Reference numeral 201 denotes a solenoid link which transmits an operation of the solenoid 9 to the upper guide 12. The solenoid link 201 is constituted by a first lever 201 a, one end of which is pivotably attached to a plunger 9 a of the solenoid 9, a second lever 201 b, one end of which is pivotably attached to the distal end portion of the tip lever 202, and a third lever 201 c, one end of which is pivotably held at a pivotal end of the first lever 201 a and the other end of which is slidably held at a pivotal end of the second lever 201 b.
The upper guide 12 is driven by the solenoid link 201 having such a structure. The upper guide 12 is constituted by the plural levers including the root lever 203 and the tip lever 202. Consequently, when one sheet S is held as shown in FIG. 7 and when plural sheets S are held as shown in FIG. 8, it is possible to bring the upper guide 12 into surface contact with the sheet S.
In this way, the upper guide 12 is constituted by the root lever 203 and the tip lever 202 and the distal end portion of the tip lever 202 for pressing the sheet S is made rotatable. Consequently, even if the number of stacked sheets changes and an upper surface position of the sheet S changes, it is possible to always hold the sheet S on a plane in the same manner and reduce fluctuation in a holding force.
Next, a third embodiment of the present invention will be explained.
FIG. 9 is an enlarged view of a substantial part of the sheet processing apparatus 300 according to this embodiment. Note that, in FIG. 9, reference numerals and symbols identical with those of FIG. 2 denote portions identical with or equivalent to those of FIG. 2.

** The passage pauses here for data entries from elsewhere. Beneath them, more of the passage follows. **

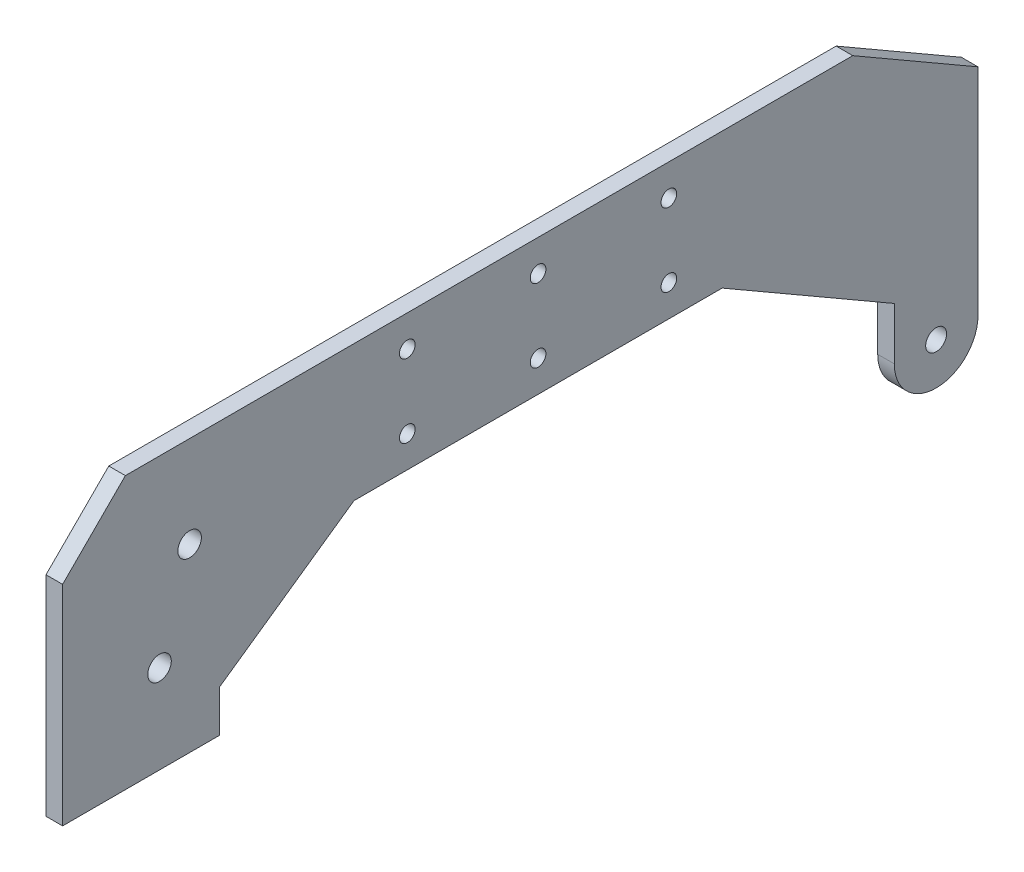
SolidWorks part; units mm, degrees
ref_plane "Front Plane" through (0, 0, 0) normal (0, 0, 1) x (1, 0, 0)
ref_plane "Top Plane" through (0, 0, 0) normal (0, 1, 0) x (1, 0, 0)
ref_plane "Right Plane" through (0, 0, 0) normal (1, 0, 0) x (0, 0, -1)
sketch "Sketch1" plane through (0, 0, 0) normal (1, 0, 0) x (0, 0, -1)
  line L3 (-384.1286, 211.6208) -> (-360.1864, 197.7977)
  line L4 (-360.1864, 197.7977) -> (-360.1864, 156.6208)
  line L5 (-360.1864, 156.6208) -> (-376.1864, 156.6208) construction
  line L6 (-376.1864, 156.6208) -> (-376.1864, 166.6208)
  line L10 (-532.1864, 159.6208) -> (-532.1864, 202.6208) construction
  line L12 (-505.1864, 167.6208) -> (-505.1864, 159.6208)
  line L14 (-535.1864, 199.6208) -> (-535.1864, 159.6208)
  line L16 (-505.1864, 167.6208) -> (-479.4797, 185.6208)
  line L17 (-368.1864, 156.6208) -> (-368.1864, 120.1208) construction
  line L18 (-510.9081, 194.1191) -> (-516.6567, 176.535) construction
  line L20 (-505.1864, 211.6208) -> (-522.1864, 159.6208) construction
  line L21 (-384.1286, 211.6208) -> (-523.1864, 211.6208)
  line L22 (-523.1864, 211.6208) -> (-535.1864, 199.6208)
  line L23 (-505.1864, 159.6208) -> (-535.1864, 159.6208)
  line L25 (-505.1864, 167.6208) -> (-505.1864, 211.6208) construction
  line L27 (-479.4797, 185.6208) -> (-409.0953, 185.6208)
  line L28 (-409.0953, 185.6208) -> (-376.1864, 166.6208)
  line L30 (-419.2875, 205.6208) -> (-469.2875, 205.6208) construction
  line L32 (-444.2875, 211.6208) -> (-444.2875, 185.6208) construction
  line L33 (-419.2875, 191.6208) -> (-469.2875, 191.6208) construction
  line L34 (-419.2875, 198.6208) -> (-469.2875, 198.6208) construction
  line L36 (-469.2875, 211.6208) -> (-469.2875, 185.6208) construction
  line L37 (-419.2875, 211.6208) -> (-419.2875, 185.6208) construction
  arc A0 (-376.1864, 156.6208) -> (-360.1864, 156.6208) centre (-368.1864, 156.6208) ccw
  circle A1 centre (-368.1864, 156.6208) radius 2
  circle A3 centre (-368.1864, 156.6208) radius 8 construction
  circle A5 centre (-419.2875, 205.6208) radius 1.5
  circle A6 centre (-510.9081, 194.1191) radius 2.25
  circle A7 centre (-516.6567, 176.535) radius 2.25
  circle A8 centre (-419.2875, 191.6208) radius 1.5
  circle A9 centre (-469.2875, 205.6208) radius 1.5
  circle A10 centre (-469.2875, 191.6208) radius 1.5
  circle A12 centre (-444.2875, 205.6208) radius 1.5
  circle A13 centre (-444.2875, 191.6208) radius 1.5
  point P12 (-515.0424, 191.1208)
  point P14 (-510.4762, 176.9402)
  point P15 (-518.865, 171.4878)
  point P16 (-513.1331, 187.3132)
  point P34 (-444.2875, 185.6208)
  point P38 (-510.9081, 194.1191)
  point P52 (-444.2875, 205.6208)
  dimension "D2" = 4
  dimension "D1" = 4.5
  dimension "D3" = 4.5
  dimension "D19" = 3
  dimension "D20" = 3
  dimension "D21" = 3
  dimension "D22" = 3
  dimension "D23" = 13
  dimension "D4" = 3
  dimension "D5" = 18.5
  dimension "D6" = 10
  dimension "D7" = 25
  dimension "D8" = 40
  dimension "D9" = 240
  dimension "D10" = 52
  dimension "D11" = 235
  dimension "D13" = 26
  dimension "D14" = 30
  dimension "D15" = 8
  dimension "D16" = 35
  dimension "D17" = 6
  dimension "D18" = 6
  dimension "D27" = 45
  dimension "D28" = 145
  dimension "D29" = 3
extrude "Boss-Extrude1" add sketch "Sketch1" along normal blind 3.175

In FIG. 9, reference numeral 303 denotes a tip lever and 304 denotes a root lever which pivotably holds the tip lever 303. The upper guide 12 is constituted by the root lever 304 and the tip lever 303. Note that a distal end portion of the tip lever 303 is planar such that the upper guide 12 can hold the sheet S on a plane.
Reference numeral 302 denotes a pressure member which is provided in a hole 303 a, which is formed at the planar distal end portion of the tip lever 303, to be capable of moving vertically. Usually, the pressure member 302 is lifted by a spring 306. However, when the solenoid 9 is actuated, the pressure member 302 is pressed by the link lever 301 to move downward while resisting the spring 306.
A frictional member 305 formed of, for example, rubber is provided at a lower end of the pressure member 302 pressing the sheet S. When the tip lever 303 moves downward, the frictional member 305 retracted in the hole 303 a as shown in FIG. 9 projects from a lower surface of the tip lever 303 to hold a surface of the sheet S. Note that, in this structure, the tip lever 303 is also urged downward via the pressure member 302 and the spring 306.
The pressure member 302 including the frictional member 305 at the lower end thereof is provided at the distal end portion of the tip lever 303. The pressure member 302 is urged and pushed down by an urging unit constituted by the solenoid 9 and the link lever 301 to hold the sheet S. The tip lever 302 is also urged downward via the pressure member 302 and the spring 306. Consequently, it is possible to increase a force against a push-out force of a subsequent sheet.
In the above explanation, the solenoid is used as the actuator constituting the urging unit for urging the upper guide 12. However, a motor or the like may be used as the actuator.
This application claims priority from Japanese Patent Application No. 2004-322357 filed on Nov. 5, 2004, which is hereby incorporated by reference herein.